Highlights & Insights¶
- Exquisite Design Philosophy: The Global-Local Decoupling principle is simple yet effective, solving the core bottleneck of pixel-space diffusion models with only a 0.3% parameter increase.
- Efficiency-Quality Pareto Optimality: Reaches a new Pareto frontier in the FID-Latency space (Fig. 2).
- End-to-End Advantage: No VAE pretraining required, avoiding information bottlenecks and the flaws of non-end-to-end training.
Limitations & Future Work¶
- Currently only validated on ImageNet 256×256; higher resolutions (512+) and text-guided generation remain to be explored.

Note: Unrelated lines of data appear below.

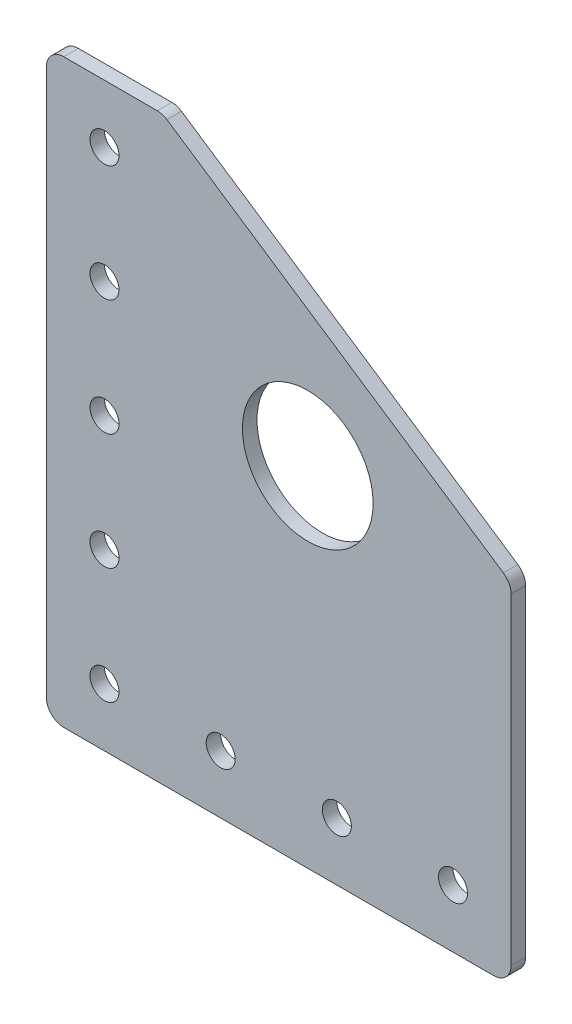
ISO-10303-21;
HEADER;
FILE_DESCRIPTION(('STEP AP214'),'2;1');
FILE_NAME('part.step','',(''),(''),'','','');
FILE_SCHEMA(('AUTOMOTIVE_DESIGN { 1 0 10303 214 1 1 1 1 }'));
ENDSEC;
DATA;
#1=APPLICATION_CONTEXT('core data for automotive mechanical design processes');
#2=APPLICATION_PROTOCOL_DEFINITION('international standard','automotive_design',2000,#1);
#3=PRODUCT_CONTEXT('',#1,'mechanical');
#4=PRODUCT('Part','Part','',(#3));
#5=PRODUCT_RELATED_PRODUCT_CATEGORY('part','',(#4));
#6=PRODUCT_DEFINITION_FORMATION('','',#4);
#7=PRODUCT_DEFINITION_CONTEXT('part definition',#1,'design');
#8=PRODUCT_DEFINITION('design','',#6,#7);
#9=PRODUCT_DEFINITION_SHAPE('','',#8);
#10=(LENGTH_UNIT() NAMED_UNIT(*) SI_UNIT(.MILLI.,.METRE.));
#11=(NAMED_UNIT(*) PLANE_ANGLE_UNIT() SI_UNIT($,.RADIAN.));
#12=(NAMED_UNIT(*) SI_UNIT($,.STERADIAN.) SOLID_ANGLE_UNIT());
#13=UNCERTAINTY_MEASURE_WITH_UNIT(LENGTH_MEASURE(1.E-05),#10,'distance_accuracy_value','');
#14=(GEOMETRIC_REPRESENTATION_CONTEXT(3) GLOBAL_UNCERTAINTY_ASSIGNED_CONTEXT((#13)) GLOBAL_UNIT_ASSIGNED_CONTEXT((#10,
#11,#12)) REPRESENTATION_CONTEXT('',''));
#15=CARTESIAN_POINT('',(0.,0.,0.));
#16=DIRECTION('',(0.,0.,1.));
#17=DIRECTION('',(1.,0.,0.));
#18=AXIS2_PLACEMENT_3D('',#15,#16,#17);
#19=CARTESIAN_POINT('',(0.,0.,3.175));
#20=DIRECTION('',(0.,0.,-1.));
#21=DIRECTION('',(-1.,0.,0.));
#22=AXIS2_PLACEMENT_3D('',#19,#20,#21);
#23=PLANE('',#22);
#24=DIRECTION('',(0.,-1.,0.));
#25=VECTOR('',#24,1.);
#26=CARTESIAN_POINT('',(0.,0.,3.175));
#27=LINE('',#26,#25);
#28=CARTESIAN_POINT('',(0.,123.19,3.175));
#29=VERTEX_POINT('',#28);
#30=CARTESIAN_POINT('',(0.,3.81,3.175));
#31=VERTEX_POINT('',#30);
#32=EDGE_CURVE('E160',#29,#31,#27,.T.);
#33=ORIENTED_EDGE('',*,*,#32,.T.);
#34=CARTESIAN_POINT('',(3.80999999999999,3.81,3.175));
#35=DIRECTION('',(0.,0.,-1.));
#36=DIRECTION('',(-1.,0.,0.));
#37=AXIS2_PLACEMENT_3D('',#34,#35,#36);
#38=CIRCLE('',#37,3.81);
#39=CARTESIAN_POINT('',(3.80999999999999,0.,3.175));
#40=VERTEX_POINT('',#39);
#41=EDGE_CURVE('E200',#31,#40,#38,.F.);
#42=ORIENTED_EDGE('',*,*,#41,.T.);
#43=DIRECTION('',(1.,0.,0.));
#44=VECTOR('',#43,1.);
#45=CARTESIAN_POINT('',(101.6,0.,3.175));
#46=LINE('',#45,#44);
#47=CARTESIAN_POINT('',(97.79,0.,3.175));
#48=VERTEX_POINT('',#47);
#49=EDGE_CURVE('E139',#40,#48,#46,.T.);
#50=ORIENTED_EDGE('',*,*,#49,.T.);
#51=CARTESIAN_POINT('',(97.79,3.80999999999999,3.175));
#52=DIRECTION('',(0.,0.,-1.));
#53=DIRECTION('',(-1.,0.,0.));
#54=AXIS2_PLACEMENT_3D('',#51,#52,#53);
#55=CIRCLE('',#54,3.81);
#56=CARTESIAN_POINT('',(101.6,3.81000000000002,3.175));
#57=VERTEX_POINT('',#56);
#58=EDGE_CURVE('E197',#48,#57,#55,.F.);
#59=ORIENTED_EDGE('',*,*,#58,.T.);
#60=DIRECTION('',(0.,1.,0.));
#61=VECTOR('',#60,1.);
#62=CARTESIAN_POINT('',(101.6,76.2,3.175));
#63=LINE('',#62,#61);
#64=CARTESIAN_POINT('',(101.6,74.1609498801607,3.175));
#65=VERTEX_POINT('',#64);
#66=EDGE_CURVE('E224',#57,#65,#63,.T.);
#67=ORIENTED_EDGE('',*,*,#66,.T.);
#68=CARTESIAN_POINT('',(97.79,74.1609498801607,3.175));
#69=DIRECTION('',(0.,0.,-1.));
#70=DIRECTION('',(-1.,0.,0.));
#71=AXIS2_PLACEMENT_3D('',#68,#69,#70);
#72=CIRCLE('',#71,3.81);
#73=CARTESIAN_POINT('',(99.9034077476181,77.3310615015879,3.175));
#74=VERTEX_POINT('',#73);
#75=EDGE_CURVE('E194',#65,#74,#72,.F.);
#76=ORIENTED_EDGE('',*,*,#75,.T.);
#77=DIRECTION('',(-0.832050294337844,0.554700196225229,0.));
#78=VECTOR('',#77,1.);
#79=CARTESIAN_POINT('',(25.4,127.,3.175));
#80=LINE('',#79,#78);
#81=CARTESIAN_POINT('',(26.3598325678592,126.360111621427,3.175));
#82=VERTEX_POINT('',#81);
#83=EDGE_CURVE('E222',#74,#82,#80,.T.);
#84=ORIENTED_EDGE('',*,*,#83,.T.);
#85=CARTESIAN_POINT('',(24.2464248202411,123.19,3.175));
#86=DIRECTION('',(0.,0.,-1.));
#87=DIRECTION('',(-1.,0.,0.));
#88=AXIS2_PLACEMENT_3D('',#85,#86,#87);
#89=CIRCLE('',#88,3.81);
#90=CARTESIAN_POINT('',(24.2464248202411,127.,3.175));
#91=VERTEX_POINT('',#90);
#92=EDGE_CURVE('E61',#82,#91,#89,.F.);
#93=ORIENTED_EDGE('',*,*,#92,.T.);
#94=DIRECTION('',(-1.,0.,0.));
#95=VECTOR('',#94,1.);
#96=CARTESIAN_POINT('',(0.,127.,3.175));
#97=LINE('',#96,#95);
#98=CARTESIAN_POINT('',(3.81,127.,3.175));
#99=VERTEX_POINT('',#98);
#100=EDGE_CURVE('E220',#91,#99,#97,.T.);
#101=ORIENTED_EDGE('',*,*,#100,.T.);
#102=CARTESIAN_POINT('',(3.81,123.19,3.175));
#103=DIRECTION('',(0.,0.,-1.));
#104=DIRECTION('',(-1.,0.,0.));
#105=AXIS2_PLACEMENT_3D('',#102,#103,#104);
#106=CIRCLE('',#105,3.81);
#107=EDGE_CURVE('E189',#99,#29,#106,.F.);
#108=ORIENTED_EDGE('',*,*,#107,.T.);
#109=EDGE_LOOP('',(#33,#42,#50,#59,#67,#76,#84,#93,#101,#108));
#110=FACE_BOUND('',#109,.T.);
#111=CARTESIAN_POINT('',(57.15,76.2,3.175));
#112=DIRECTION('',(0.,0.,1.));
#113=DIRECTION('',(1.,0.,0.));
#114=AXIS2_PLACEMENT_3D('',#111,#112,#113);
#115=CIRCLE('',#114,14.2875);
#116=CARTESIAN_POINT('',(71.4375,76.2,3.175));
#117=VERTEX_POINT('',#116);
#118=EDGE_CURVE('E149',#117,#117,#115,.T.);
#119=ORIENTED_EDGE('',*,*,#118,.F.);
#120=EDGE_LOOP('',(#119));
#121=FACE_BOUND('',#120,.T.);
#122=CARTESIAN_POINT('',(12.6999999999978,12.6999999999976,3.175));
#123=DIRECTION('',(0.,0.,1.));
#124=DIRECTION('',(1.,0.,0.));
#125=AXIS2_PLACEMENT_3D('',#122,#123,#124);
#126=CIRCLE('',#125,3.175);
#127=CARTESIAN_POINT('',(15.8749999999978,12.6999999999976,3.175));
#128=VERTEX_POINT('',#127);
#129=EDGE_CURVE('E234',#128,#128,#126,.T.);
#130=ORIENTED_EDGE('',*,*,#129,.F.);
#131=EDGE_LOOP('',(#130));
#132=FACE_BOUND('',#131,.T.);
#133=CARTESIAN_POINT('',(38.0999999999978,12.6999999999976,3.175));
#134=DIRECTION('',(0.,0.,1.));
#135=DIRECTION('',(1.,0.,0.));
#136=AXIS2_PLACEMENT_3D('',#133,#134,#135);
#137=CIRCLE('',#136,3.175);
#138=CARTESIAN_POINT('',(41.2749999999978,12.6999999999976,3.175));
#139=VERTEX_POINT('',#138);
#140=EDGE_CURVE('E240',#139,#139,#137,.T.);
#141=ORIENTED_EDGE('',*,*,#140,.F.);
#142=EDGE_LOOP('',(#141));
#143=FACE_BOUND('',#142,.T.);
#144=CARTESIAN_POINT('',(63.4999999999978,12.6999999999976,3.175));
#145=DIRECTION('',(0.,0.,1.));
#146=DIRECTION('',(1.,0.,0.));
#147=AXIS2_PLACEMENT_3D('',#144,#145,#146);
#148=CIRCLE('',#147,3.175);
#149=CARTESIAN_POINT('',(66.6749999999978,12.6999999999976,3.175));
#150=VERTEX_POINT('',#149);
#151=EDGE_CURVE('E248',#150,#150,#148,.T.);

- The Patch Detailer Head processes each patch independently, which might pose risks for cross-patch boundary consistency.
- Comparison with recent LDM methods (e.g., FLUX) on text-to-image tasks is not yet comprehensive.
Related Work & Insights¶
- Difference from PixelNerd: PixelNerd is tightly coupled with NeRF rendering mechanisms, limiting architectural exploration; DiP proposes more general design principles.
- Difference from JiT: JiT models high-dimensional pixel data by predicting clean images; DiP maintains efficiency through global-local decoupling.
- Insight: The large patch + local refinement approach may be applicable to other tasks requiring efficient processing of high-resolution inputs.
Rating¶
- Novelty: ⭐⭐⭐⭐ Global-local decoupling is simple and effective, though the concept is not highly complex.
- Experimental Thoroughness: ⭐⭐⭐⭐⭐ Extremely systematic with architectural comparisons (4 types of heads), placement strategies (3 types), scale-up comparisons, and multiple training budgets.
- Writing Quality: ⭐⭐⭐⭐ Strong motivation verification (single-image overfitting experiment is convincing), clear charts.
- Value: ⭐⭐⭐⭐⭐ Provides a practical, high-efficiency solution for pixel-space diffusion, potentially driving the development of VAE-free generation.